Dataset items:

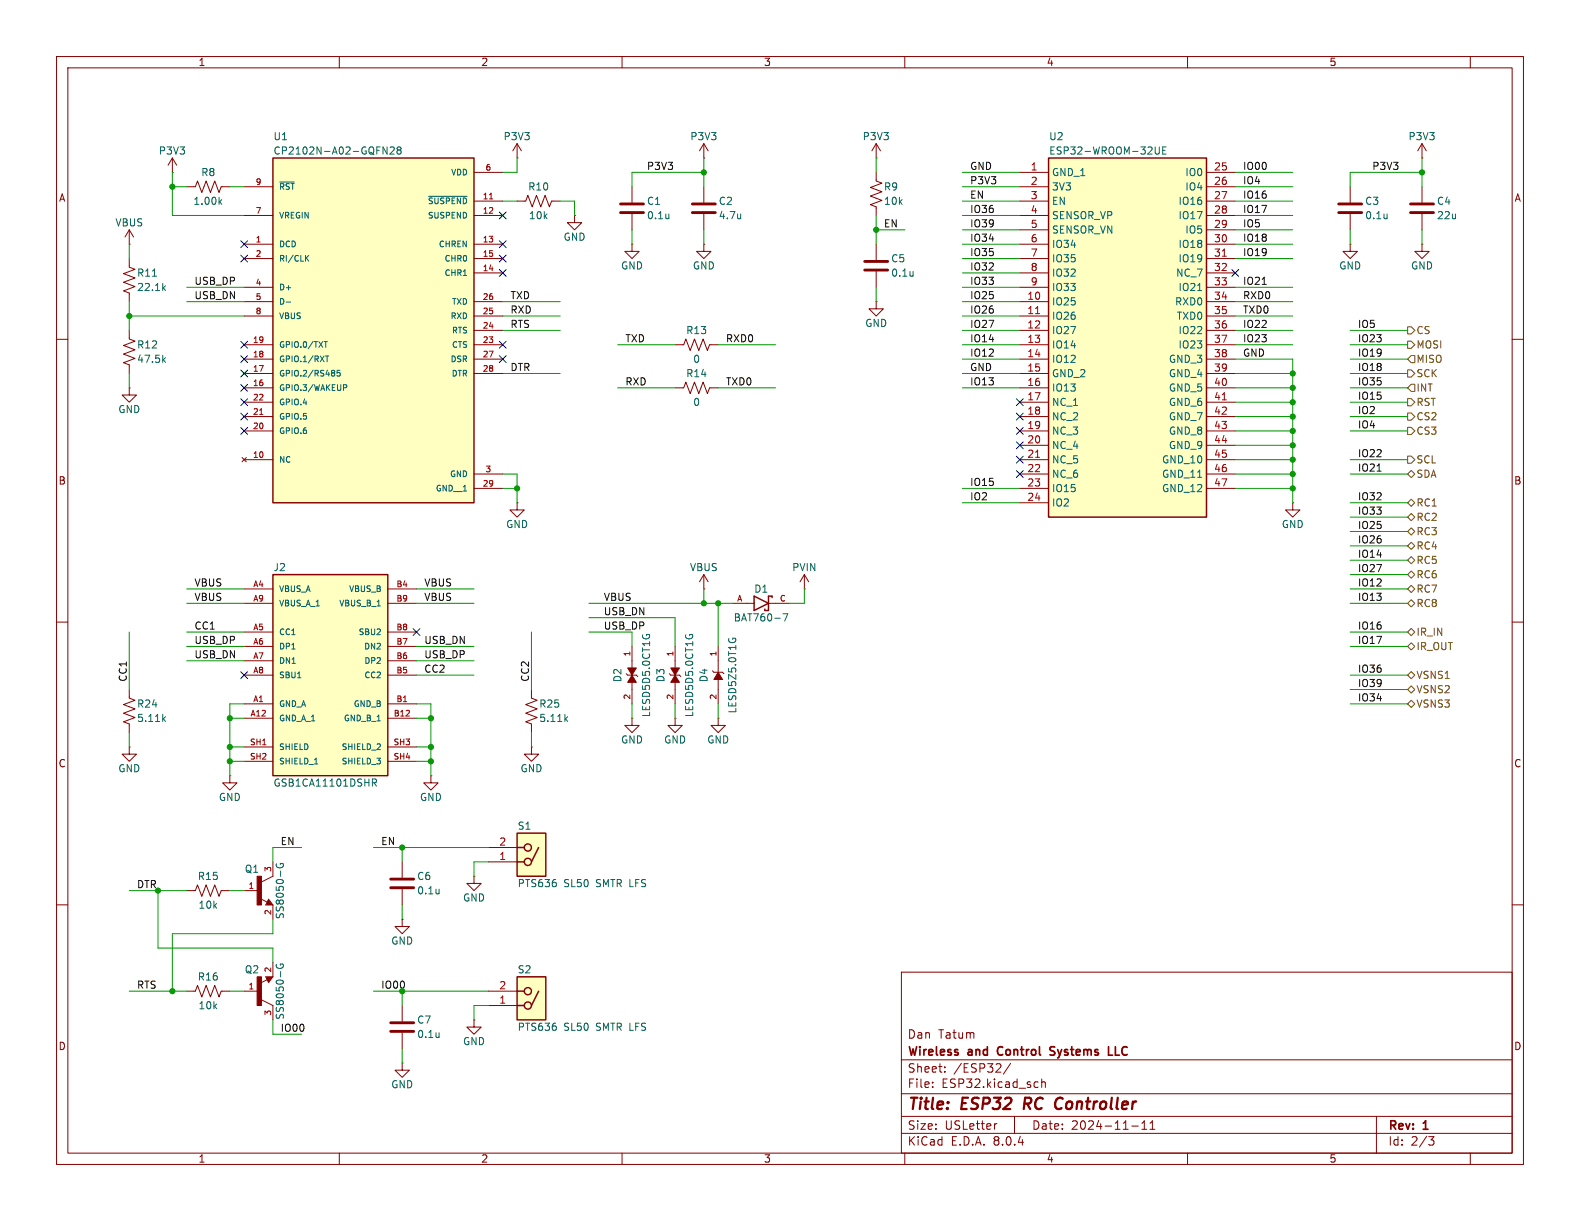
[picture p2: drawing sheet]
<svg xmlns="http://www.w3.org/2000/svg" width="279mm" height="216mm" viewBox="0 0 279 216" stroke-linecap="round" stroke-linejoin="round" font-family="sans-serif">
<g fill="none" stroke="#840000" stroke-width=".18">
<path d="M10 10h259.4v195.9h-259.4zM12 12h255.4v191.9h-255.4zM60 10v2M110 10v2M160 10v2M210 10v2M260 10v2M111.8 33v2.8M111.8 37.8v2.8M10 60h2M154.9 53.3v1.3h1.3l-1.3 1.3-1.2-1.3h1.2M154.9 53.3h.1"/>
<path d="M251.5 43.2v1.3h1.2l-1.2 1.2-1.3-1.2h1.3M251.5 43.2h.1M267.4 60h2M10 110h2M142.2 104.1h.1M142.2 101.6l-.7 1.3M142.2 101.6v2.5M142.2 101.6l.8 1.3M267.4 110h2M10 160h2M33 157.5h1.5l.4-1 .8 2 .7-2 .8 2 .8-2 .7 2 .4-1h1.5M43.2 157.5h2.5"/>
<path d="M46 158.9l1.3 .6M47.5 159l.8 1h-1.3zM48.3 152.4v2.5l-2.1 1.1M267.4 160h2M33 175.3h1.5l.4-1.1 .8 2.1 .7-2.1 .8 2.1 .8-2.1 .7 2.1 .4-1h1.5M43.2 175.3h2.5M46.2 176.8l2.1 1v2.5M47 172.7h1.3l-.8 1zM47.3 173.2l-1.3 .6M48.3 160v2.6M48.3 170.2v2.5M71.1 162.6v1.2h1.3l-1.3 1.3-1.3-1.3h1.3"/>
<path d="M71.1 162.6h.1M159.4 171.9h108v32h-108zM83.8 180.3v1.3h1.3l-1.3 1.3-1.3-1.3h1.3M83.8 180.3h.1M159.4 197.4h108M159.4 193.4h108M159.4 187.4h108M164.9 192.1v.2M164.9 191.4v.1M167.1 189.4v.2M167.1 188.7v.1M176.3 198.7l-.3 .1"/>
<path d="M178.7 188l-1.3 1.9M179.4 197.4v3M183.4 191.3l.2 .1M183.6 192.2l-.2 .1M184.2 190.8v1.5M184.2 191.4l.2-.1 .4 .1 .1 .9M200.1 199.1h1.2M201.9 199.7h.9M201.9 198.6l.5-.4v1.5M203.4 199.7h.8M203.4 198.6l.4-.4v1.5M243.4 197.4v6.5"/>
<path d="M60 203.9v2M110 203.9v2M159.4 200.4h108M160 203.9v2M210 203.9v2M252.6 201h1l-.5 .6 .4 .1 .1 .5-.3 .3h-.4M260 203.9v2"/>
</g>
<path d="M181.3 194.1l-.3 2M186.9 196l.2 .1 .5-.1M187.6 194.1l-.5 .1" fill="none" stroke="#840000" stroke-width=".4"/>
<path d="M176.5 185.3l-.1 .4 .1 .7M185.7 186.5h.7M186.5 185.1h-.5l-.3 .3 .1 .3 .6 .2M196 186.6h.7M197.2 185.1v1.5h.8" fill="none" stroke="#840000" stroke-width=".3"/>
<g fill="#840000" stroke="#840000" stroke-width=".18">
<path d="M45.5 154.9h.7v5.1h-.7z"/>
<path d="M45.5 172.7h.7v5.1h-.7z"/>
</g>
<path d="M47.5 159.5l.1 .3h-.4l.3-.5 .5 .6h-.8M47.2 172.8h.8l-.5 .7-.3-.5h.4l-.1 .2" fill="none" stroke="#840000" stroke-width=".25"/>
<path d="M118.3 37.8v.9M118.3 38.6h-.1M48.9 152.7a.59 .59 0 0 0 .6 .8 .59 .59 0 0 0 .5-.8h-.4v.2M48.9 170.5a.59 .59 0 0 0 .6 .7 .59 .59 0 0 0 .5-.7h-.4v.2" fill="none" stroke="#006464" stroke-width=".18"/>
<path d="M109.7 37.6h4.1M109.7 36.1h4.1" fill="none" stroke="#840000" stroke-width=".51"/>
<path d="M91.4 172.7h5.1v7.6h-5.1z" fill="#ffffc2"/>
<g fill="none" stroke="#840000" stroke-width=".25">
<path d="M91.4 172.7h5.1v7.6h-5.1zM91.4 175.3h1.3M91.4 177.8h1.3M95.2 175.3l-1.2 2.5"/>
<circle cx="93.3" cy="177.8" r=".63"/>
<circle cx="93.3" cy="175.3" r=".63"/>
</g>
<path d="M86.4 177.8h5M86.4 175.3h5" fill="none" stroke="#840000" stroke-width=".18"/>
<path d="M48.3 101.6h20.3v35.6h-20.3z" fill="#ffffc2"/>
<path d="M48.3 101.6h20.3v35.6h-20.3z" fill="none" stroke="#840000" stroke-width=".25"/>
<g fill="none" stroke="#840000" stroke-width=".18">
<path d="M91.4 35.6h1.6l.3-1.1 .8 2.1 .8-2.1 .7 2.1 .8-2.1 .8 2.1 .3-1h1.6M101.6 38.1v1.3h1.3l-1.3 1.2-1.3-1.2h1.3M101.6 38.1h.1M251.5 33v2.8M251.5 37.8v2.8M111.8 43.2v1.3h1.2l-1.2 1.2-1.3-1.2h1.3M111.8 43.2h.1M119.4 68.6h1.5l.4-1 .7 2 .8-2 .8 2 .7-2 .8 2 .4-1h1.5M119.4 61h1.5l.4-1.1 .7 2.1 .8-2.1 .8 2.1 .7-2.1 .8 2.1 .4-1h1.5M43.2 104.1h5.1M43.2 111.8h5.1M43.2 114.3h5.1"/>
<path d="M43.2 116.8h5.1M43.2 119.4h5.1M43.2 106.7h5.1M68.6 104.1h5.1M68.6 111.8h5.1M68.6 114.3h5.1M68.6 116.8h5.1M68.6 119.4h5.1M68.6 106.7h5.1M110.7 119.1l.3 .3h1.5l.3 .2M111.8 114.3v3.8M43.2 124.5h5.1"/>
<path d="M43.2 132.1h5.1M43.2 127h5.1M43.2 134.6h5.1M68.6 124.5h5.1M68.6 132.1h5.1M68.6 127h5.1M68.6 134.6h5.1M111.8 120.7v3.8"/>
</g>
<path d="M52.6 119.8h.6M66.7 107.1h.6M113.7 112.2l-.1 .3M114.3 112.4v-.2h.5l.1 .2M55.6 135.1h.6M65.8 137.7h.5l.3 .3-.1 .3-.7 .1M66.2 138.4l.4 .6" fill="none" stroke="#006464" stroke-width=".18"/>
<path d="M249.4 37.6h4.1M249.4 36.1h4.1" fill="none" stroke="#840000" stroke-width=".51"/>
<g fill="#840000" stroke="#840000" stroke-width=".18">
<path d="M111 118.1h1.5l-.7 1.3z"/>
<path d="M111.8 119.4l.7 1.3h-1.5z"/>
</g>
<path d="M91.4 147.3h5.1v7.6h-5.1z" fill="#ffffc2"/>
<g fill="none" stroke="#840000" stroke-width=".25">
<path d="M91.4 147.3h5.1v7.6h-5.1zM91.4 149.9h1.3M91.4 152.4h1.3M95.2 149.9l-1.2 2.5"/>
<circle cx="93.3" cy="149.9" r=".63"/>
<circle cx="93.3" cy="152.4" r=".63"/>
</g>
<g fill="none" stroke="#840000" stroke-width=".18">
<path d="M251.5 27.9h.1M251.5 25.4l-.8 1.3M251.5 25.4v2.5M251.5 25.4l.7 1.3M22.9 58.4v1.5l1 .4-2.1 .8 2.1 .7-2.1 .8 2.1 .8-2.1 .7 1.1 .4v1.5M22.9 68.6v1.3h1.2l-1.2 1.2-1.3-1.2h1.3M22.9 68.6h.1M228.6 88.9v1.3h1.3l-1.3 1.2-1.3-1.2h1.3M228.6 88.9h.1M119.4 127v1.3h1.2l-1.2 1.2-1.3-1.2h1.3M119.4 127h.1M86.4 152.4h5"/>
<path d="M86.4 149.9h5"/>
</g>
<path d="M28.9 63.6l.4 .5M29.3 63.2l-.5 .5" fill="none" stroke="#006464" stroke-width=".18"/>
<path d="M48.3 27.9h35.5v61h-35.5z" fill="#ffffc2"/>
<path d="M48.3 27.9h35.5v61h-35.5zM133.3 105.4l2.6 1.3-2.6 1.3zM136.5 105.7v-.3h-.6v2.6h-.6v-.3" fill="none" stroke="#840000" stroke-width=".25"/>
<g fill="none" stroke="#840000" stroke-width=".18">
<path d="M30.5 30.5h.1M30.5 27.9l-.8 1.3M30.5 27.9v2.6M30.5 27.9l.7 1.3M33 33h1.5l.4-1 .8 2 .7-2 .8 2 .8-2 .7 2 .4-1h1.5M43.2 38.1h5.1M43.2 33h5.1M83.8 35.6h5.1M83.8 38.1h5.1M83.8 30.5h5.1M91.4 27.9h.1M91.4 25.4l-.7 1.3"/>
<path d="M91.4 25.4v2.5M91.4 25.4l.8 1.3M124.5 27.9h.1M124.5 25.4v2.5M124.5 33v2.8M124.5 37.8v2.8M124.5 25.4l-.8 1.3M124.5 25.4l.7 1.3M154.9 27.9h.1M154.9 25.4l-.7 1.3M154.9 25.4v2.5M154.9 25.4l.8 1.3"/>
<path d="M238.8 33v2.8M238.8 37.8v2.8M43.2 43.2h5.1M43.2 45.7h5.1M43.2 55.9h5.1M43.2 53.3h5.1M43.2 50.8h5.1M83.8 43.2h5.1M83.8 48.3h5.1M83.8 45.7h5.1M83.8 58.4h5.1M83.8 55.9h5.1"/>
<path d="M83.8 53.3h5.1M124.5 43.2v1.3h1.2l-1.2 1.2-1.3-1.2h1.3M124.5 43.2h.1M154.9 43.2v2.8M154.9 48v2.8M238.8 43.2v1.3h1.2l-1.2 1.2-1.3-1.2h1.3M238.8 43.2h.1M43.2 68.6h5.1M43.2 66h5.1M43.2 63.5h5.1M43.2 61h5.1M43.2 76.2h5.1"/>
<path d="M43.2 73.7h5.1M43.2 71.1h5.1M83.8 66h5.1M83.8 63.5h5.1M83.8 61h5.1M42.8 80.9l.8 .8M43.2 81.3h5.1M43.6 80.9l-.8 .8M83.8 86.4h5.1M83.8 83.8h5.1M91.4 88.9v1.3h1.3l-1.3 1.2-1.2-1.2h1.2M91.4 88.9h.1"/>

» Try it: Keep only those lines of the records that hold "circle", and return them.

» Response below:
<circle cx="93.3" cy="177.8" r=".63"/>
<circle cx="93.3" cy="175.3" r=".63"/>
<circle cx="93.3" cy="149.9" r=".63"/>
<circle cx="93.3" cy="152.4" r=".63"/>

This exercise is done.